**Supplied material**.

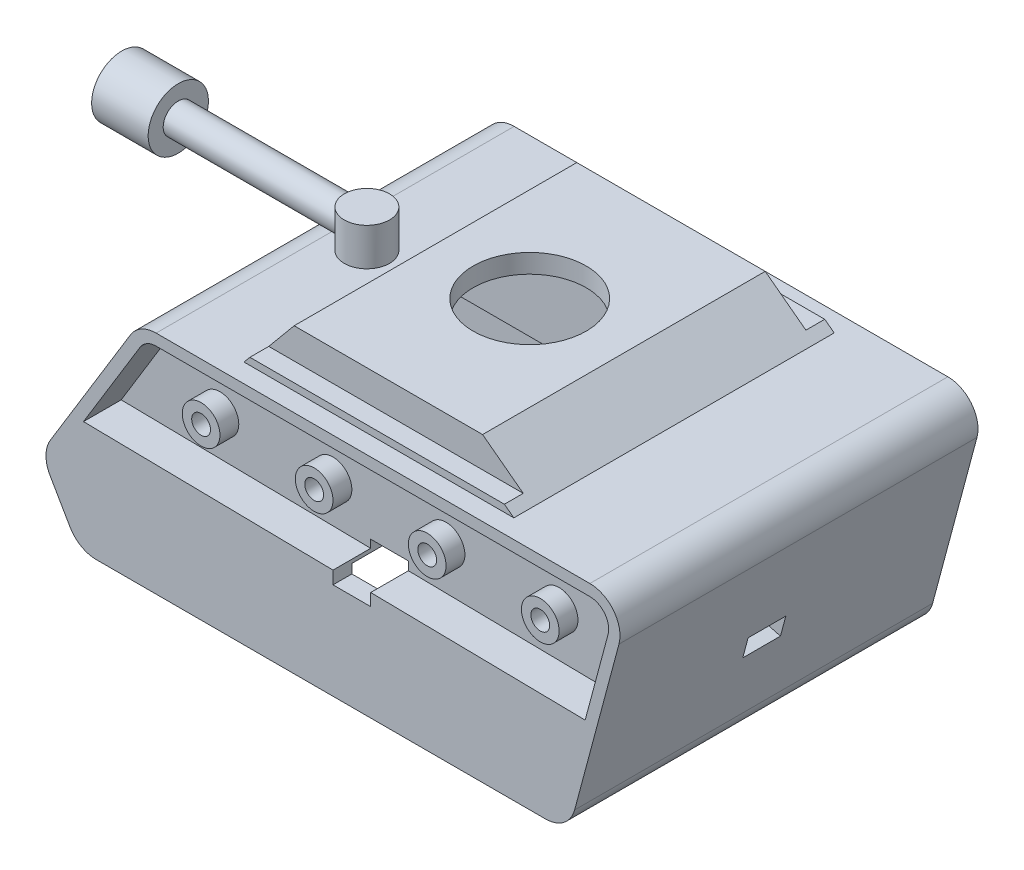
from build123d import *

# Parameters (mm, degrees)
SALIENTE_EXTRUIR2_DEPTH  = 75
CORTAR_EXTRUIR1_DEPTH    = 32.5
CROQUIS3_W               = 110
CROQUIS3_H               = 65
CORTAR_EXTRUIR2_DEPTH    = 55
CORTAR_EXTRUIR2_DRAFT    = -7
CROQUIS4_R               = 15
CORTAR_EXTRUIR3_DEPTH    = 55
CROQUIS5_R               = 5
CROQUIS5_R_2             = 2.5
SALIENTE_EXTRUIR3_DEPTH  = 5
CROQUIS5_3_R             = 5
CROQUIS5_3_R_2           = 2.5
SALIENTE_EXTRUIR4_DEPTH  = 5
SALIENTE_EXTRUIR5_START  = 5
CROQUIS6_R               = 5
CROQUIS6_R_2             = 2.500392092
CROQUIS6_R_3             = 2.5
SALIENTE_EXTRUIR5_DEPTH  = 5
SALIENTE_EXTRUIR6_DEPTH  = 10
SALIENTE_EXTRUIR7_START  = 10
SALIENTE_EXTRUIR7_DEPTH  = 10
CROQUIS9_R               = 6
SALIENTE_EXTRUIR8_DEPTH  = 10
CROQUIS10_R              = 4
SALIENTE_EXTRUIR9_DEPTH  = 50
CROQUIS11_R              = 8
CROQUIS11_R_2            = 4
SALIENTE_EXTRUIR10_DEPTH = 15
CROQUIS13_W              = 10
CROQUIS13_H              = 5.5
CORTAR_EXTRUIR4_DEPTH    = 150.747299501
CROQUIS14_W              = 10
CROQUIS14_H              = 5.5
CORTAR_EXTRUIR5_DEPTH    = 10
CROQUIS15_W              = 10
CROQUIS15_H              = 5.5
CORTAR_EXTRUIR6_DEPTH    = 10
CORTAR_EXTRUIR8_START    = -10
CORTAR_EXTRUIR8_DEPTH    = 10
CORTAR_EXTRUIR9_DEPTH    = 10


with BuildPart() as part:
    # Croquis1 → Saliente-Extruir2 (new body)
    with BuildSketch(Plane.XY):
        with BuildLine():
            ThreePointArc((75.985648559, 52.638141098), (82.331351573, 49.509696626), (83.714009708, 42.571154413))
            Line((83.714009708, 42.571154413), (71.94600193, -1.428845587))
            ThreePointArc((71.94600193, -1.428845587), (69.089196309, -5.707561916), (64.217640781, -7.361858902))
            Line((64.217640781, -7.361858902), (-55.022008345, -7.361858902))
            ThreePointArc((-55.022008345, -7.361858902), (-59.022008345, -6.290062133), (-61.950211576, -3.361858902))
            Line((-61.950211576, -3.361858902), (-67.265987011, 5.845334234))
            ThreePointArc((-67.265987011, 5.845334234), (-68.337190395, 9.94277051), (-67.166502489, 14.012899568))
            Line((-67.166502489, 14.012899568), (-45.932461091, 48.805706431))
            ThreePointArc((-45.932461091, 48.805706431), (-43.0190634, 51.614548578), (-39.103742383, 52.638141098))
            Line((-39.103742383, 52.638141098), (75.985648559, 52.638141098))
        make_face()
        Polygon((-12.478128479, 62.638141098), (-20.784752342, 52.638141098), (50.8195562, 52.638141098), (37.521871521, 62.638141098), align=None)
    extrude(amount=-SALIENTE_EXTRUIR2_DEPTH)

    # Croquis2 → Cortar-Extruir1 (cut, symmetric)
    with BuildSketch(Plane.XY.offset(-37.5)):
        with BuildLine():
            Line((75.985648559, 47.638141098), (49.149317794, 47.638141098))
            Line((49.149317794, 47.638141098), (35.851633115, 57.638141098))
            Line((35.851633115, 57.638141098), (-10.13144041, 57.638141098))
            Line((-10.13144041, 57.638141098), (-18.438064273, 47.638141098))
            Line((-18.438064273, 47.638141098), (-39.103742383, 47.638141098))
            ThreePointArc((-39.103742383, 47.638141098), (-40.571987765, 47.254293903), (-41.664511899, 46.200978098))
            Line((-41.664511899, 46.200978098), (-62.898553296, 11.408171234))
            ThreePointArc((-62.898553296, 11.408171234), (-63.337561261, 9.881872837), (-62.935859992, 8.345334234))
            Line((-62.935859992, 8.345334234), (-57.620084557, -0.861858902))
            ThreePointArc((-57.620084557, -0.861858902), (-56.522008345, -1.959935114), (-55.022008345, -2.361858902))
            Line((-55.022008345, -2.361858902), (64.217640781, -2.361858902))
            ThreePointArc((64.217640781, -2.361858902), (66.044474104, -1.741497532), (67.115776212, -0.136978909))
            Line((67.115776212, -0.136978909), (78.88378399, 43.863021091))
            ThreePointArc((78.88378399, 43.863021091), (78.365287189, 46.464974421), (75.985648559, 47.638141098))
        make_face()
    extrude(amount=CORTAR_EXTRUIR1_DEPTH, both=True, mode=Mode.SUBTRACT)


with BuildPart() as cortar_extruir2_tool:
    # Croquis3 → Cortar-Extruir2 (with draft: the straight prism first)
    with BuildSketch(Plane.XZ.offset(7.361858902)):
        with Locations((4.977991655, -37.5)):
            Rectangle(CROQUIS3_W, CROQUIS3_H)
    extrude(amount=-CORTAR_EXTRUIR2_DEPTH)
    # Cortar-Extruir2: the draft: its side faces are tilted about the plane it starts from
    cortar_extruir2_sides = [cortar_extruir2_tool.faces().sort_by_distance(p)[0] for p in [
        (-50.022008345, 20.138141098, -37.5),
        (4.977991655, 20.138141098, -70),
        (59.977991655, 20.138141098, -37.5),
        (4.977991655, 20.138141098, -5),
    ]]
    draft(cortar_extruir2_sides, Plane.XZ.offset(7.361858902), CORTAR_EXTRUIR2_DRAFT)


with BuildPart() as part_1:
    add(part.part)

    # Cortar-Extruir2: cut by cortar_extruir2_tool
    add(cortar_extruir2_tool.part, mode=Mode.SUBTRACT)

    # Croquis4 → Cortar-Extruir3 (cut)
    with BuildSketch(Plane(origin=(0, 62.638141098, 0), x_dir=(1, 0, 0), z_dir=(0, 1, 0))):
        with Locations(Location((12.521871521, 37.5, 0), (0, 0, 270))):
            Circle(CROQUIS4_R)
    extrude(amount=-CORTAR_EXTRUIR3_DEPTH, mode=Mode.SUBTRACT)

    # Croquis5 → Saliente-Extruir3 (add)
    # profile 1 of 4: a face of its own
    with BuildSketch(Plane.XY):
        with Locations((57.830005819, 32.638141098)):
            Circle(CROQUIS5_R)
        with Locations((57.830005819, 32.638141098)):
            Circle(CROQUIS5_R_2, mode=Mode.SUBTRACT)
    # profile 2 of 4: a face of its own
    with BuildSketch(Plane.XY):
        with Locations((27.830005819, 32.638141098)):
            Circle(CROQUIS5_R)
        with Locations((27.830005819, 32.638141098)):
            Circle(CROQUIS5_R_2, mode=Mode.SUBTRACT)
    # profile 3 of 4: a face of its own
    with BuildSketch(Plane.XY):
        with Locations((-2.169994181, 32.638141098)):
            Circle(CROQUIS5_R)
        with Locations((-2.169994181, 32.638141098)):
            Circle(CROQUIS5_R_2, mode=Mode.SUBTRACT)
    # profile 4 of 4: a face of its own
    with BuildSketch(Plane.XY):
        with Locations((-32.169994181, 32.638141098)):
            Circle(CROQUIS5_R)
        with Locations((-32.169994181, 32.638141098)):
            Circle(CROQUIS5_R_2, mode=Mode.SUBTRACT)
    extrude(amount=SALIENTE_EXTRUIR3_DEPTH)

    # Croquis5<3> → Saliente-Extruir4 (add)
    # profile 1 of 5: a face of its own
    with BuildSketch(Plane.XY):
        with Locations((57.830005819, 32.638141098)):
            Circle(CROQUIS5_3_R)
        with Locations((57.830005819, 32.638141098)):
            Circle(CROQUIS5_3_R_2, mode=Mode.SUBTRACT)
    # profile 2 of 5: a face of its own
    with BuildSketch(Plane.XY):
        with Locations((27.830005819, 32.638141098)):
            Circle(CROQUIS5_3_R)
        with Locations((27.830005819, 32.638141098)):
            Circle(CROQUIS5_3_R_2, mode=Mode.SUBTRACT)
    # profile 3 of 5: a face of its own
    with BuildSketch(Plane.XY):
        with Locations((-2.169994181, 32.638141098)):
            Circle(CROQUIS5_3_R)
        with Locations((-2.169994181, 32.638141098)):
            Circle(CROQUIS5_3_R_2, mode=Mode.SUBTRACT)
    # profile 4 of 5: a face of its own
    with BuildSketch(Plane.XY):
        with Locations((-32.169994181, 32.638141098)):
            Circle(CROQUIS5_3_R)
        with Locations((-32.169994181, 32.638141098)):
            Circle(CROQUIS5_3_R_2, mode=Mode.SUBTRACT)
    # profile 5 of 5: a face of its own
    with BuildSketch(Plane.XY):
        Polygon((-20.784752342, 52.638141098), (50.8195562, 52.638141098), (48.316992723, 54.520095391), (-19.221483697, 54.520095391), align=None)
    extrude(amount=SALIENTE_EXTRUIR4_DEPTH)

    # Croquis6 → Saliente-Extruir5 (add)
    # profile 1 of 5: a face of its own
    with BuildSketch(Plane(origin=(0, 0, -75), x_dir=(-1, 0, 0), z_dir=(0, 0, -1)).offset(SALIENTE_EXTRUIR5_START)):
        with Locations(Location((-57.830005819, 32.638141098, 0), (0, 0, 180))):
            Circle(CROQUIS6_R)
        with Locations((-57.830005819, 32.638141098)):
            Circle(CROQUIS6_R_2, mode=Mode.SUBTRACT)
    # profile 2 of 5: a face of its own
    with BuildSketch(Plane(origin=(0, 0, -75), x_dir=(-1, 0, 0), z_dir=(0, 0, -1)).offset(SALIENTE_EXTRUIR5_START)):
        with Locations(Location((-27.830005819, 32.638141098, 0), (0, 0, 180))):
            Circle(CROQUIS6_R)
        with Locations(Location((-27.830005819, 32.638141098, 0), (0, 0, 180))):
            Circle(CROQUIS6_R_3, mode=Mode.SUBTRACT)
    # profile 3 of 5: a face of its own
    with BuildSketch(Plane(origin=(0, 0, -75), x_dir=(-1, 0, 0), z_dir=(0, 0, -1)).offset(SALIENTE_EXTRUIR5_START)):
        with Locations(Location((2.169994181, 32.638141098, 0), (0, 0, 180))):
            Circle(CROQUIS6_R)
        with Locations(Location((2.169994181, 32.638141098, 0), (0, 0, 180))):
            Circle(CROQUIS6_R_3, mode=Mode.SUBTRACT)
    # profile 4 of 5: a face of its own
    with BuildSketch(Plane(origin=(0, 0, -75), x_dir=(-1, 0, 0), z_dir=(0, 0, -1)).offset(SALIENTE_EXTRUIR5_START)):
        with Locations(Location((32.169994181, 32.638141098, 0), (0, 0, 180))):
            Circle(CROQUIS6_R)
        with Locations(Location((32.169994181, 32.638141098, 0), (0, 0, 180))):
            Circle(CROQUIS6_R_3, mode=Mode.SUBTRACT)
    # profile 5 of 5: a face of its own
    with BuildSketch(Plane(origin=(0, 0, -75), x_dir=(-1, 0, 0), z_dir=(0, 0, -1)).offset(SALIENTE_EXTRUIR5_START)):
        Polygon((-50.8195562, 52.638141098), (20.784752342, 52.638141098), (19.221483697, 54.520095391), (-48.316992723, 54.520095391), align=None)
    extrude(amount=-SALIENTE_EXTRUIR5_DEPTH)

    # Croquis7 → Saliente-Extruir6 (add)
    with BuildSketch(Plane(origin=(0, 0, -75), x_dir=(-1, 0, 0), z_dir=(0, 0, -1))):
        with BuildLine():
            Line((-64.217640781, -7.361858902), (55.022008345, -7.361858902))
            ThreePointArc((55.022008345, -7.361858902), (59.022008345, -6.290062133), (61.950211576, -3.361858902))
            Line((61.950211576, -3.361858902), (67.265987011, 5.845334234))
            ThreePointArc((67.265987011, 5.845334234), (68.337190395, 9.94277051), (67.166502489, 14.012899568))
            Line((67.166502489, 14.012899568), (45.932461091, 48.805706431))
            ThreePointArc((45.932461091, 48.805706431), (43.0190634, 51.614548578), (39.103742383, 52.638141098))
            Line((39.103742383, 52.638141098), (-75.985648559, 52.638141098))
            ThreePointArc((-75.985648559, 52.638141098), (-82.331351573, 49.509696626), (-83.714009708, 42.571154413))
            Line((-83.714009708, 42.571154413), (-71.94600193, -1.428845587))
            ThreePointArc((-71.94600193, -1.428845587), (-69.089196309, -5.707561916), (-64.217640781, -7.361858902))
        make_face()
        with BuildLine():
            Line((-80.815874277, 43.34627442), (-75.750475658, 24.406999103))
            Line((-75.750475658, 24.406999103), (57.308417572, 24.406999103))
            Line((57.308417572, 24.406999103), (43.371691576, 47.242869431))
            ThreePointArc((43.371691576, 47.242869431), (41.550818019, 48.998395773), (39.103742383, 49.638141098))
            Line((39.103742383, 49.638141098), (-75.985648559, 49.638141098))
            ThreePointArc((-75.985648559, 49.638141098), (-79.951712943, 47.682863303), (-80.815874277, 43.34627442))
        make_face(mode=Mode.SUBTRACT)
    extrude(amount=SALIENTE_EXTRUIR6_DEPTH)

    # Croquis8 → Saliente-Extruir7 (add)
    with BuildSketch(Plane.XY.offset(SALIENTE_EXTRUIR7_START)):
        with BuildLine():
            Line((-67.265987011, 5.845334234), (-61.950211576, -3.361858902))
            ThreePointArc((-61.950211576, -3.361858902), (-59.022008345, -6.290062133), (-55.022008345, -7.361858902))
            Line((-55.022008345, -7.361858902), (64.217640781, -7.361858902))
            ThreePointArc((64.217640781, -7.361858902), (69.089196309, -5.707561916), (71.94600193, -1.428845587))
            Line((71.94600193, -1.428845587), (77.830005819, 20.571154413))
            Line((77.830005819, 20.571154413), (83.714009708, 42.571154413))
            ThreePointArc((83.714009708, 42.571154413), (82.331351573, 49.509696626), (75.985648559, 52.638141098))
            Line((75.985648559, 52.638141098), (-39.103742383, 52.638141098))
            ThreePointArc((-39.103742383, 52.638141098), (-43.0190634, 51.614548578), (-45.932461091, 48.805706431))
            Line((-45.932461091, 48.805706431), (-61.857992139, 22.711101283))
            Line((-61.857992139, 22.711101283), (-67.166502489, 14.012899568))
            ThreePointArc((-67.166502489, 14.012899568), (-68.337190395, 9.94277051), (-67.265987011, 5.845334234))
        make_face()
        with BuildLine():
            Line((74.737232796, 20.618534074), (-58.375978579, 22.657758662))
            Line((-58.375978579, 22.657758662), (-43.371691576, 47.242869431))
            ThreePointArc((-43.371691576, 47.242869431), (-41.550818019, 48.998395773), (-39.103742383, 49.638141098))
            Line((-39.103742383, 49.638141098), (75.985648559, 49.638141098))
            ThreePointArc((75.985648559, 49.638141098), (79.951712943, 47.682863303), (80.815874277, 43.34627442))
            Line((80.815874277, 43.34627442), (74.931870388, 21.34627442))
            Line((74.931870388, 21.34627442), (74.737232796, 20.618534074))
        make_face(mode=Mode.SUBTRACT)
    extrude(amount=-SALIENTE_EXTRUIR7_DEPTH)

    # Croquis9 → Saliente-Extruir8 (add)
    with BuildSketch(Plane(origin=(0, 52.638141098, 0), x_dir=(1, 0, 0), z_dir=(0, 1, 0))):
        with Locations(Location((-30.145674551, 36.966662757, 0), (0, 0, 90))):
            Circle(CROQUIS9_R)
    extrude(amount=SALIENTE_EXTRUIR8_DEPTH)

    # Croquis10 → Saliente-Extruir9 (add)
    with BuildSketch(Plane(origin=(-30, 0, 0), x_dir=(0, 0, -1), z_dir=(1, 0, 0))):
        with Locations((36.77409929, 58.138141098)):
            Circle(CROQUIS10_R)
    extrude(amount=-SALIENTE_EXTRUIR9_DEPTH)

    # Croquis13 → Cortar-Extruir4 (cut, through all)
    with BuildSketch(Plane(origin=(0, 0, -85), x_dir=(-1, 0, 0), z_dir=(0, 0, -1))):
        with Locations((-12.830005819, 20.998141098)):
            Rectangle(CROQUIS13_W, CROQUIS13_H)
    extrude(amount=-CORTAR_EXTRUIR4_DEPTH, mode=Mode.SUBTRACT)

    # Croquis14 → Cortar-Extruir5 (cut)
    with BuildSketch(Plane(origin=(67.499758765, -18.053129231, 0), x_dir=(0, 0, -1), z_dir=(0.9660451436025732, -0.25837333554738934, 0))):
        with Locations((35, 37.830238009)):
            Rectangle(CROQUIS14_W, CROQUIS14_H)
    extrude(amount=-CORTAR_EXTRUIR5_DEPTH, mode=Mode.SUBTRACT)

    # Croquis15 → Cortar-Extruir6 (cut)
    with BuildSketch(Plane(origin=(-55.169733428, 33.670074625, 0), x_dir=(0, 0, 1), z_dir=(-0.8535898384862245, 0.5209456666803759, 0))):
        with Locations((-40, -15.018261496)):
            Rectangle(CROQUIS15_W, CROQUIS15_H)
    extrude(amount=-CORTAR_EXTRUIR6_DEPTH, mode=Mode.SUBTRACT)

    # Croquis16 → Cortar-Extruir8 (cut)
    with BuildSketch(Plane(origin=(0, 0, -5), x_dir=(-1, 0, 0), z_dir=(0, 0, -1)).offset(CORTAR_EXTRUIR8_START)):
        with BuildLine():
            Line((62.898553296, 11.408171234), (56.601326318, 21.726423795))
            Line((56.601326318, 21.726423795), (-7.830005819, 20.658584157))
            Line((-7.830005819, 20.658584157), (-7.830005819, 18.248141098))
            Line((-7.830005819, 18.248141098), (-17.830005819, 18.248141098))
            Line((-17.830005819, 18.248141098), (-17.830005819, 20.492851181))
            Line((-17.830005819, 20.492851181), (-72.391472167, 19.588587765))
            Line((-72.391472167, 19.588587765), (-67.115776212, -0.136978909))
            ThreePointArc((-67.115776212, -0.136978909), (-66.044474104, -1.741497532), (-64.217640781, -2.361858902))
            Line((-64.217640781, -2.361858902), (55.022008345, -2.361858902))
            ThreePointArc((55.022008345, -2.361858902), (56.522008345, -1.959935114), (57.620084557, -0.861858902))
            Line((57.620084557, -0.861858902), (62.935859992, 8.345334234))
            ThreePointArc((62.935859992, 8.345334234), (63.337561261, 9.881872837), (62.898553296, 11.408171234))
        make_face()
    extrude(amount=CORTAR_EXTRUIR8_DEPTH, mode=Mode.SUBTRACT)

    # Croquis18 → Cortar-Extruir9 (cut)
    with BuildSketch(Plane.XY.offset(-70)):
        with BuildLine():
            Line((-64.605732973, 12.450062567), (-59.139316828, 21.406999103))
            Line((-59.139316828, 21.406999103), (-57.308417572, 21.406999103))
            Line((-57.308417572, 21.406999103), (74.948111491, 21.406999103))
            Line((74.948111491, 21.406999103), (69.047866499, -0.65372558))
            ThreePointArc((69.047866499, -0.65372558), (67.262362986, -3.327923286), (64.217640781, -4.361858902))
            Line((64.217640781, -4.361858902), (-55.022008345, -4.361858902))
            ThreePointArc((-55.022008345, -4.361858902), (-57.522008345, -3.691985921), (-59.352135364, -1.861858902))
            Line((-59.352135364, -1.861858902), (-64.6679108, 7.345334234))
            ThreePointArc((-64.6679108, 7.345334234), (-65.337412915, 9.906231906), (-64.605732973, 12.450062567))
        make_face()
    extrude(amount=-CORTAR_EXTRUIR9_DEPTH, mode=Mode.SUBTRACT)


with BuildPart() as body_2:
    # Croquis11 → Saliente-Extruir10 (new body)
    with BuildSketch(Plane.ZY.offset(80)):
        with Locations((-36.77409929, 58.138141098)):
            Circle(CROQUIS11_R)
        with Locations((-36.77409929, 58.138141098)):
            Circle(CROQUIS11_R_2, mode=Mode.SUBTRACT)
    extrude(amount=SALIENTE_EXTRUIR10_DEPTH)


solid = Compound([part_1.part, body_2.part])

**Assignment**. Filter the listing for the word "Polygon" and copy every line that holds it.

**Result of the task**.
        Polygon((-12.478128479, 62.638141098), (-20.784752342, 52.638141098), (50.8195562, 52.638141098), (37.521871521, 62.638141098), align=None)
        Polygon((-20.784752342, 52.638141098), (50.8195562, 52.638141098), (48.316992723, 54.520095391), (-19.221483697, 54.520095391), align=None)
        Polygon((-50.8195562, 52.638141098), (20.784752342, 52.638141098), (19.221483697, 54.520095391), (-48.316992723, 54.520095391), align=None)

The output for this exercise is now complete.